Linear and Nonlinear

The terms linear and nonlinear, when describing types of spectral enhancement, refer to the function that is applied to the data to perform the enhancement. A piecewise linear stretch uses a polyline function to increase contrast to varying degrees over different ranges of the data, as in the figure below.

Enhancement with Lookup Tables


Linear Contrast Stretch

A linear contrast stretch is a simple way to improve the visible contrast of an image. It is often necessary to contrast-stretch raw image data, so that they can be seen on the display.

In most raw data, the data file values fall within a narrow range—usually a range much narrower than the display device is capable of displaying. That range can be expanded to utilize the total range of the display device (usually 0 to 255).

A Percentage LUT with clip of 2.5% from left end and 1.0% from right end of the histogram linear contrast stretch is automatically applied to images displayed in the Viewer.

Nonlinear Contrast Stretch

A nonlinear spectral enhancement can be used to gradually increase or decrease contrast over a range, instead of applying the same amount of contrast (slope) across the entire image. Usually, nonlinear enhancements bring out the contrast in one range while decreasing the contrast in other ranges. The graph of the function in the figure in the next section below shows one example.

Nonlinear Radiometric Enhancement


Piecewise Linear Contrast Stretch

A piecewise linear contrast stretch allows for the enhancement of a specific portion of data by dividing the lookup table into three sections: low, middle, and high. You can create a number of straight line segments that can simulate a curve. You can enhance the contrast or brightness of any section in a single color gun at a time. This technique is very useful for enhancing image areas in shadow or other areas of low contrast.

In ERDAS IMAGINE, the Piecewise Linear Contrast function is set up so that there are always pixels in each data file value from 0 to 255. You can manipulate the percentage of pixels in a particular range, but you cannot eliminate a range of data file values.

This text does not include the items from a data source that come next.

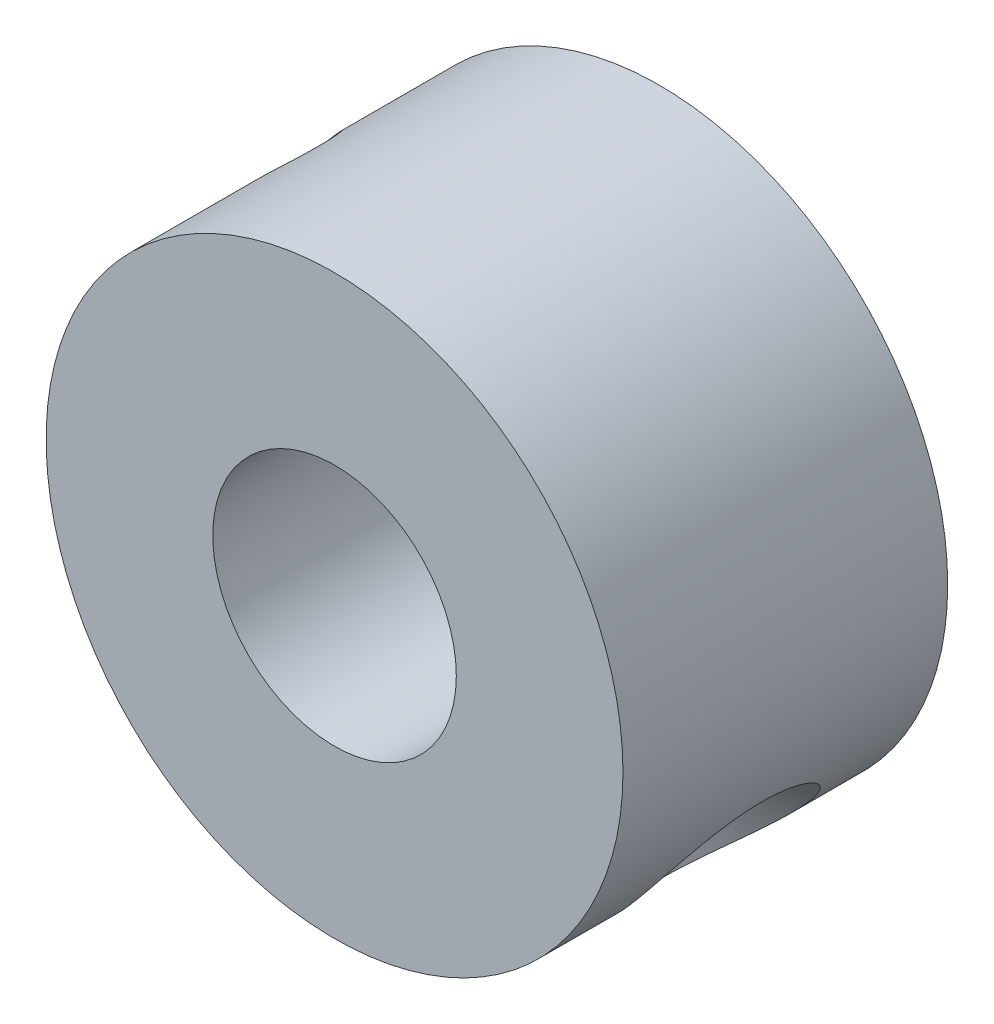
ISO-10303-21;
HEADER;
FILE_DESCRIPTION(('STEP AP214'),'2;1');
FILE_NAME('part.step','',(''),(''),'','','');
FILE_SCHEMA(('AUTOMOTIVE_DESIGN { 1 0 10303 214 1 1 1 1 }'));
ENDSEC;
DATA;
#1=APPLICATION_CONTEXT('core data for automotive mechanical design processes');
#2=APPLICATION_PROTOCOL_DEFINITION('international standard','automotive_design',2000,#1);
#3=PRODUCT_CONTEXT('',#1,'mechanical');
#4=PRODUCT('Part','Part','',(#3));
#5=PRODUCT_RELATED_PRODUCT_CATEGORY('part','',(#4));
#6=PRODUCT_DEFINITION_FORMATION('','',#4);
#7=PRODUCT_DEFINITION_CONTEXT('part definition',#1,'design');
#8=PRODUCT_DEFINITION('design','',#6,#7);
#9=PRODUCT_DEFINITION_SHAPE('','',#8);
#10=(LENGTH_UNIT() NAMED_UNIT(*) SI_UNIT(.MILLI.,.METRE.));
#11=(NAMED_UNIT(*) PLANE_ANGLE_UNIT() SI_UNIT($,.RADIAN.));
#12=(NAMED_UNIT(*) SI_UNIT($,.STERADIAN.) SOLID_ANGLE_UNIT());
#13=UNCERTAINTY_MEASURE_WITH_UNIT(LENGTH_MEASURE(1.E-05),#10,'distance_accuracy_value','');
#14=(GEOMETRIC_REPRESENTATION_CONTEXT(3) GLOBAL_UNCERTAINTY_ASSIGNED_CONTEXT((#13)) GLOBAL_UNIT_ASSIGNED_CONTEXT((#10,
#11,#12)) REPRESENTATION_CONTEXT('',''));
#15=CARTESIAN_POINT('',(0.,0.,0.));
#16=DIRECTION('',(0.,0.,1.));
#17=DIRECTION('',(1.,0.,0.));
#18=AXIS2_PLACEMENT_3D('',#15,#16,#17);
#19=CARTESIAN_POINT('',(0.,0.,8.));
#20=DIRECTION('',(0.,0.,1.));
#21=DIRECTION('',(1.,0.,0.));
#22=AXIS2_PLACEMENT_3D('',#19,#20,#21);
#23=PLANE('',#22);
#24=CARTESIAN_POINT('',(0.,0.,8.));
#25=DIRECTION('',(0.,0.,1.));
#26=DIRECTION('',(1.,0.,0.));
#27=AXIS2_PLACEMENT_3D('',#24,#25,#26);
#28=CIRCLE('',#27,7.10544357844535);
#29=CARTESIAN_POINT('',(7.10544357844535,0.,8.));
#30=VERTEX_POINT('',#29);
#31=EDGE_CURVE('E51',#30,#30,#28,.T.);
#32=ORIENTED_EDGE('',*,*,#31,.T.);
#33=EDGE_LOOP('',(#32));
#34=FACE_BOUND('',#33,.T.);
#35=CARTESIAN_POINT('',(0.,0.,8.));
#36=DIRECTION('',(0.,0.,1.));
#37=DIRECTION('',(1.,0.,0.));
#38=AXIS2_PLACEMENT_3D('',#35,#36,#37);
#39=CIRCLE('',#38,3.);
#40=CARTESIAN_POINT('',(3.,0.,8.));
#41=VERTEX_POINT('',#40);
#42=EDGE_CURVE('E95',#41,#41,#39,.T.);
#43=ORIENTED_EDGE('',*,*,#42,.F.);
#44=EDGE_LOOP('',(#43));
#45=FACE_BOUND('',#44,.T.);
#46=ADVANCED_FACE('F37',(#34,#45),#23,.T.);
#47=CARTESIAN_POINT('',(0.,0.,0.));
#48=DIRECTION('',(0.,0.,1.));
#49=DIRECTION('',(1.,0.,0.));
#50=AXIS2_PLACEMENT_3D('',#47,#48,#49);
#51=PLANE('',#50);
#52=CARTESIAN_POINT('',(0.,0.,0.));
#53=DIRECTION('',(0.,0.,1.));
#54=DIRECTION('',(1.,0.,0.));
#55=AXIS2_PLACEMENT_3D('',#52,#53,#54);
#56=CIRCLE('',#55,7.10544357844535);
#57=CARTESIAN_POINT('',(7.10544357844535,0.,0.));
#58=VERTEX_POINT('',#57);
#59=EDGE_CURVE('E56',#58,#58,#56,.T.);
#60=ORIENTED_EDGE('',*,*,#59,.F.);
#61=EDGE_LOOP('',(#60));
#62=FACE_BOUND('',#61,.T.);
#63=CARTESIAN_POINT('',(0.,0.,0.));
#64=DIRECTION('',(0.,0.,1.));
#65=DIRECTION('',(1.,0.,0.));
#66=AXIS2_PLACEMENT_3D('',#63,#64,#65);
#67=CIRCLE('',#66,3.);
#68=CARTESIAN_POINT('',(3.,0.,0.));
#69=VERTEX_POINT('',#68);
#70=EDGE_CURVE('E98',#69,#69,#67,.T.);
#71=ORIENTED_EDGE('',*,*,#70,.T.);
#72=EDGE_LOOP('',(#71));
#73=FACE_BOUND('',#72,.T.);
#74=ADVANCED_FACE('F111',(#62,#73),#51,.F.);
#75=CARTESIAN_POINT('',(0.,0.,8.));
#76=DIRECTION('',(0.,0.,-1.));
#77=DIRECTION('',(-1.,0.,0.));
#78=AXIS2_PLACEMENT_3D('',#75,#76,#77);
#79=CYLINDRICAL_SURFACE('',#78,7.10544357844535);
#80=CARTESIAN_POINT('',(-4.50937505106455,5.49116245391692,3.89373166564078));
#81=CARTESIAN_POINT('',(-4.50937772419131,5.49116122751686,3.96061846220511));
#82=CARTESIAN_POINT('',(-4.51378007882492,5.4875541277036,4.02754145852413));
#83=CARTESIAN_POINT('',(-4.5312039782094,5.47317473629324,4.15950876835359));
#84=CARTESIAN_POINT('',(-4.5442334071319,5.4623958904862,4.22455130653791));
#85=CARTESIAN_POINT('',(-4.57832524839055,5.43385288456868,4.35082878343272));
#86=CARTESIAN_POINT('',(-4.59938086950191,5.41609462957224,4.41206689039157));
#87=CARTESIAN_POINT('',(-4.64863791481128,5.37387582231153,4.52910267532087));
#88=CARTESIAN_POINT('',(-4.67683855996303,5.3494160007182,4.58490094549732));
#89=CARTESIAN_POINT('',(-4.7395531028768,5.29393318509752,4.69004412015648));
#90=CARTESIAN_POINT('',(-4.77412186838029,5.26285275284441,4.73932599698425));
#91=CARTESIAN_POINT('',(-4.84808394915338,5.19479846494605,4.82948983755151));
#92=CARTESIAN_POINT('',(-4.88747755314743,5.15782425656981,4.87037129820707));
#93=CARTESIAN_POINT('',(-4.96991416293464,5.07844178146862,4.94281089762019));
#94=CARTESIAN_POINT('',(-5.01297807529974,5.03600156812902,4.97431029848024));
#95=CARTESIAN_POINT('',(-5.1010279837703,4.94679339243217,5.02671399148741));
#96=CARTESIAN_POINT('',(-5.14601385136526,4.9000257191852,5.04761899082508));
#97=CARTESIAN_POINT('',(-5.23596692435485,4.80377711207891,5.07804747313021));
#98=CARTESIAN_POINT('',(-5.28093026989147,4.75432607653352,5.08767689348512));
#99=CARTESIAN_POINT('',(-5.36985718627042,4.65365140801609,5.09561036168938));
#100=CARTESIAN_POINT('',(-5.41382082659283,4.60242789885983,5.09391519903258));
#101=CARTESIAN_POINT('',(-5.49905451186641,4.50023468126244,5.07933009877426));
#102=CARTESIAN_POINT('',(-5.54034740179139,4.44926768887965,5.06655417625371));
#103=CARTESIAN_POINT('',(-5.61969591763066,4.3486154028192,5.03034983086333));
#104=CARTESIAN_POINT('',(-5.65775144284827,4.29893014904287,5.00692107678601));
#105=CARTESIAN_POINT('',(-5.7299798984195,4.20218088433,4.94996328965453));
#106=CARTESIAN_POINT('',(-5.76413378958573,4.1551302546206,4.91638741854323));
#107=CARTESIAN_POINT('',(-5.82773930516775,4.06544101160915,4.84012282775435));
#108=CARTESIAN_POINT('',(-5.85719053870827,4.02280276515891,4.79743335126101));
#109=CARTESIAN_POINT('',(-5.91128615262524,3.94289058979369,4.70352138169985));
#110=CARTESIAN_POINT('',(-5.93586609150651,3.90569009180749,4.6521992275417));
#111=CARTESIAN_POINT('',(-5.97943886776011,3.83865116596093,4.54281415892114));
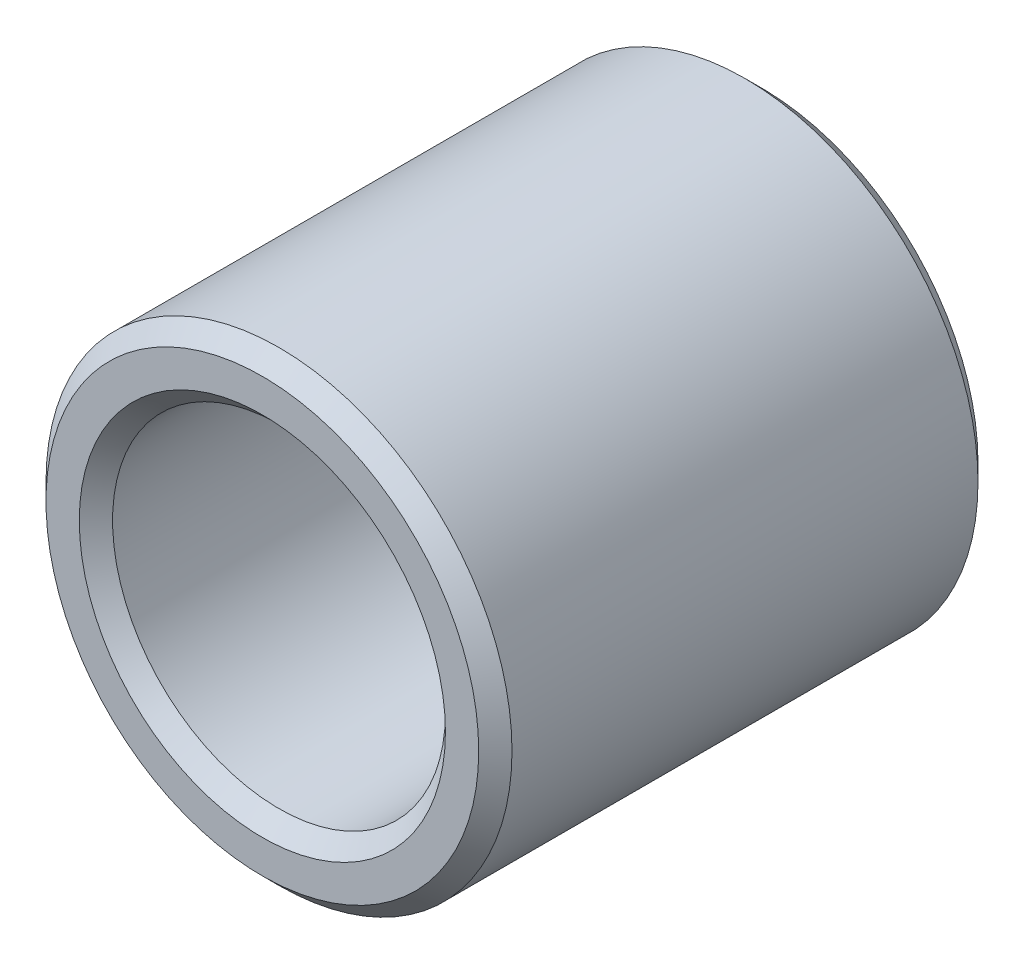
ISO-10303-21;
HEADER;
FILE_DESCRIPTION(('STEP AP214'),'2;1');
FILE_NAME('part.step','',(''),(''),'','','');
FILE_SCHEMA(('AUTOMOTIVE_DESIGN { 1 0 10303 214 1 1 1 1 }'));
ENDSEC;
DATA;
#1=APPLICATION_CONTEXT('core data for automotive mechanical design processes');
#2=APPLICATION_PROTOCOL_DEFINITION('international standard','automotive_design',2000,#1);
#3=PRODUCT_CONTEXT('',#1,'mechanical');
#4=PRODUCT('Part','Part','',(#3));
#5=PRODUCT_RELATED_PRODUCT_CATEGORY('part','',(#4));
#6=PRODUCT_DEFINITION_FORMATION('','',#4);
#7=PRODUCT_DEFINITION_CONTEXT('part definition',#1,'design');
#8=PRODUCT_DEFINITION('design','',#6,#7);
#9=PRODUCT_DEFINITION_SHAPE('','',#8);
#10=(LENGTH_UNIT() NAMED_UNIT(*) SI_UNIT(.MILLI.,.METRE.));
#11=(NAMED_UNIT(*) PLANE_ANGLE_UNIT() SI_UNIT($,.RADIAN.));
#12=(NAMED_UNIT(*) SI_UNIT($,.STERADIAN.) SOLID_ANGLE_UNIT());
#13=UNCERTAINTY_MEASURE_WITH_UNIT(LENGTH_MEASURE(1.E-05),#10,'distance_accuracy_value','');
#14=(GEOMETRIC_REPRESENTATION_CONTEXT(3) GLOBAL_UNCERTAINTY_ASSIGNED_CONTEXT((#13)) GLOBAL_UNIT_ASSIGNED_CONTEXT((#10,
#11,#12)) REPRESENTATION_CONTEXT('',''));
#15=CARTESIAN_POINT('',(0.,0.,0.));
#16=DIRECTION('',(0.,0.,1.));
#17=DIRECTION('',(1.,0.,0.));
#18=AXIS2_PLACEMENT_3D('',#15,#16,#17);
#19=CARTESIAN_POINT('',(0.,0.,15.));
#20=DIRECTION('',(0.,0.,1.));
#21=DIRECTION('',(1.,0.,0.));
#22=AXIS2_PLACEMENT_3D('',#19,#20,#21);
#23=PLANE('',#22);
#24=CARTESIAN_POINT('',(0.,0.,15.));
#25=DIRECTION('',(0.,0.,1.));
#26=DIRECTION('',(1.,0.,0.));
#27=AXIS2_PLACEMENT_3D('',#24,#25,#26);
#28=CIRCLE('',#27,5.5);
#29=CARTESIAN_POINT('',(5.5,0.,15.));
#30=VERTEX_POINT('',#29);
#31=EDGE_CURVE('E10',#30,#30,#28,.F.);
#32=ORIENTED_EDGE('',*,*,#31,.T.);
#33=EDGE_LOOP('',(#32));
#34=FACE_BOUND('',#33,.T.);
#35=CARTESIAN_POINT('',(0.,0.,15.));
#36=DIRECTION('',(0.,0.,1.));
#37=DIRECTION('',(1.,0.,0.));
#38=AXIS2_PLACEMENT_3D('',#35,#36,#37);
#39=CIRCLE('',#38,6.5);
#40=CARTESIAN_POINT('',(6.5,0.,15.));
#41=VERTEX_POINT('',#40);
#42=EDGE_CURVE('E44',#41,#41,#39,.T.);
#43=ORIENTED_EDGE('',*,*,#42,.T.);
#44=EDGE_LOOP('',(#43));
#45=FACE_BOUND('',#44,.T.);
#46=ADVANCED_FACE('F36',(#34,#45),#23,.T.);
#47=CARTESIAN_POINT('',(0.,0.,0.));
#48=DIRECTION('',(0.,0.,1.));
#49=DIRECTION('',(1.,0.,0.));
#50=AXIS2_PLACEMENT_3D('',#47,#48,#49);
#51=PLANE('',#50);
#52=CARTESIAN_POINT('',(0.,0.,0.));
#53=DIRECTION('',(0.,0.,1.));
#54=DIRECTION('',(1.,0.,0.));
#55=AXIS2_PLACEMENT_3D('',#52,#53,#54);
#56=CIRCLE('',#55,5.5);
#57=CARTESIAN_POINT('',(5.5,0.,0.));
#58=VERTEX_POINT('',#57);
#59=EDGE_CURVE('E63',#58,#58,#56,.T.);
#60=ORIENTED_EDGE('',*,*,#59,.T.);
#61=EDGE_LOOP('',(#60));
#62=FACE_BOUND('',#61,.T.);
#63=CARTESIAN_POINT('',(0.,0.,0.));
#64=DIRECTION('',(0.,0.,1.));
#65=DIRECTION('',(1.,0.,0.));
#66=AXIS2_PLACEMENT_3D('',#63,#64,#65);
#67=CIRCLE('',#66,6.5);
#68=CARTESIAN_POINT('',(6.5,0.,0.));
#69=VERTEX_POINT('',#68);
#70=EDGE_CURVE('E66',#69,#69,#67,.F.);
#71=ORIENTED_EDGE('',*,*,#70,.T.);
#72=EDGE_LOOP('',(#71));
#73=FACE_BOUND('',#72,.T.);
#74=ADVANCED_FACE('F70',(#62,#73),#51,.F.);
#75=CARTESIAN_POINT('',(0.,0.,15.));
#76=DIRECTION('',(0.,0.,-1.));
#77=DIRECTION('',(-1.,0.,0.));
#78=AXIS2_PLACEMENT_3D('',#75,#76,#77);
#79=CYLINDRICAL_SURFACE('',#78,7.);
#80=CARTESIAN_POINT('',(0.,0.,0.5));
#81=DIRECTION('',(0.,0.,1.));
#82=DIRECTION('',(1.,0.,0.));
#83=AXIS2_PLACEMENT_3D('',#80,#81,#82);
#84=CIRCLE('',#83,7.);
#85=CARTESIAN_POINT('',(7.,0.,0.5));
#86=VERTEX_POINT('',#85);
#87=EDGE_CURVE('E48',#86,#86,#84,.T.);
#88=ORIENTED_EDGE('',*,*,#87,.T.);
#89=EDGE_LOOP('',(#88));
#90=FACE_BOUND('',#89,.T.);
#91=CARTESIAN_POINT('',(0.,0.,14.5));
#92=DIRECTION('',(0.,0.,1.));
#93=DIRECTION('',(1.,0.,0.));
#94=AXIS2_PLACEMENT_3D('',#91,#92,#93);
#95=CIRCLE('',#94,7.);
#96=CARTESIAN_POINT('',(7.,0.,14.5));
#97=VERTEX_POINT('',#96);
#98=EDGE_CURVE('E52',#97,#97,#95,.F.);
#99=ORIENTED_EDGE('',*,*,#98,.T.);
#100=EDGE_LOOP('',(#99));
#101=FACE_BOUND('',#100,.T.);
#102=ADVANCED_FACE('F80',(#90,#101),#79,.T.);
#103=CARTESIAN_POINT('',(0.,0.,15.));
#104=DIRECTION('',(0.,0.,-1.));
#105=DIRECTION('',(-1.,0.,0.));
#106=AXIS2_PLACEMENT_3D('',#103,#104,#105);
#107=CYLINDRICAL_SURFACE('',#106,5.);
#108=CARTESIAN_POINT('',(0.,0.,0.499999999999997));
#109=DIRECTION('',(0.,0.,1.));
#110=DIRECTION('',(1.,0.,0.));
#111=AXIS2_PLACEMENT_3D('',#108,#109,#110);
#112=CIRCLE('',#111,5.);
#113=CARTESIAN_POINT('',(5.,0.,0.499999999999997));
#114=VERTEX_POINT('',#113);
#115=EDGE_CURVE('E57',#114,#114,#112,.F.);
#116=ORIENTED_EDGE('',*,*,#115,.T.);
#117=EDGE_LOOP('',(#116));
#118=FACE_BOUND('',#117,.T.);
#119=CARTESIAN_POINT('',(0.,0.,14.5));
#120=DIRECTION('',(0.,0.,1.));
#121=DIRECTION('',(1.,0.,0.));
#122=AXIS2_PLACEMENT_3D('',#119,#120,#121);
#123=CIRCLE('',#122,5.);
#124=CARTESIAN_POINT('',(5.,0.,14.5));
#125=VERTEX_POINT('',#124);
#126=EDGE_CURVE('E60',#125,#125,#123,.T.);
#127=ORIENTED_EDGE('',*,*,#126,.T.);
#128=EDGE_LOOP('',(#127));
#129=FACE_BOUND('',#128,.T.);
#130=ADVANCED_FACE('F83',(#118,#129),#107,.F.);
#131=CARTESIAN_POINT('',(0.,0.,0.));
#132=DIRECTION('',(0.,0.,-1.));
#133=DIRECTION('',(-1.,0.,0.));
#134=AXIS2_PLACEMENT_3D('',#131,#132,#133);
#135=CONICAL_SURFACE('',#134,5.5,0.785398163397449);
#136=ORIENTED_EDGE('',*,*,#115,.F.);
#137=EDGE_LOOP('',(#136));
#138=FACE_BOUND('',#137,.T.);
#139=ORIENTED_EDGE('',*,*,#59,.F.);
#140=EDGE_LOOP('',(#139));
#141=FACE_BOUND('',#140,.T.);
#142=ADVANCED_FACE('F76',(#138,#141),#135,.F.);
#143=CARTESIAN_POINT('',(0.,0.,0.5));
#144=DIRECTION('',(0.,0.,1.));
#145=DIRECTION('',(1.,0.,0.));
#146=AXIS2_PLACEMENT_3D('',#143,#144,#145);
#147=CONICAL_SURFACE('',#146,7.,0.785398163397451);
#148=ORIENTED_EDGE('',*,*,#70,.F.);
#149=EDGE_LOOP('',(#148));
#150=FACE_BOUND('',#149,.T.);
#151=ORIENTED_EDGE('',*,*,#87,.F.);
#152=EDGE_LOOP('',(#151));
#153=FACE_BOUND('',#152,.T.);
#154=ADVANCED_FACE('F72',(#150,#153),#147,.T.);
#155=CARTESIAN_POINT('',(0.,0.,14.5));
#156=DIRECTION('',(0.,0.,1.));
#157=DIRECTION('',(1.,0.,0.));
#158=AXIS2_PLACEMENT_3D('',#155,#156,#157);
#159=CONICAL_SURFACE('',#158,5.,0.785398163397449);
#160=ORIENTED_EDGE('',*,*,#31,.F.);
#161=EDGE_LOOP('',(#160));
#162=FACE_BOUND('',#161,.T.);
#163=ORIENTED_EDGE('',*,*,#126,.F.);
#164=EDGE_LOOP('',(#163));
#165=FACE_BOUND('',#164,.T.);
#166=ADVANCED_FACE('F75',(#162,#165),#159,.F.);
#167=CARTESIAN_POINT('',(0.,0.,15.));
#168=DIRECTION('',(0.,0.,-1.));
#169=DIRECTION('',(-1.,0.,0.));
#170=AXIS2_PLACEMENT_3D('',#167,#168,#169);
#171=CONICAL_SURFACE('',#170,6.5,0.785398163397446);
#172=ORIENTED_EDGE('',*,*,#98,.F.);
#173=EDGE_LOOP('',(#172));
#174=FACE_BOUND('',#173,.T.);
#175=ORIENTED_EDGE('',*,*,#42,.F.);
#176=EDGE_LOOP('',(#175));
#177=FACE_BOUND('',#176,.T.);
#178=ADVANCED_FACE('F39',(#174,#177),#171,.T.);
#179=CLOSED_SHELL('',(#46,#74,#102,#130,#142,#154,#166,#178));
#180=MANIFOLD_SOLID_BREP('B2',#179);
#181=ADVANCED_BREP_SHAPE_REPRESENTATION('',(#18,#180),#14);
#182=SHAPE_DEFINITION_REPRESENTATION(#9,#181);
ENDSEC;
END-ISO-10303-21;

A piecewise linear contrast stretch normally follows two rules:

1. Data values are continuous; there can be no break in the values between High, Middle, and Low. Range specifications adjust in relation to any changes to maintain the data value range.

2. Data values specified can go only in an upward, increasing direction, as shown in the figure below.

Piecewise Linear Contrast Stretch


The contrast value for each range represents the percent of the available output range that particular range occupies. The brightness value for each range represents the middle of the total range of brightness values occupied by that range. Since rules 1 and 2 above are enforced, as the contrast and brightness values are changed, they may affect the contrast and brightness of other ranges. For example, if the contrast of the low range increases, it forces the contrast of the middle to decrease.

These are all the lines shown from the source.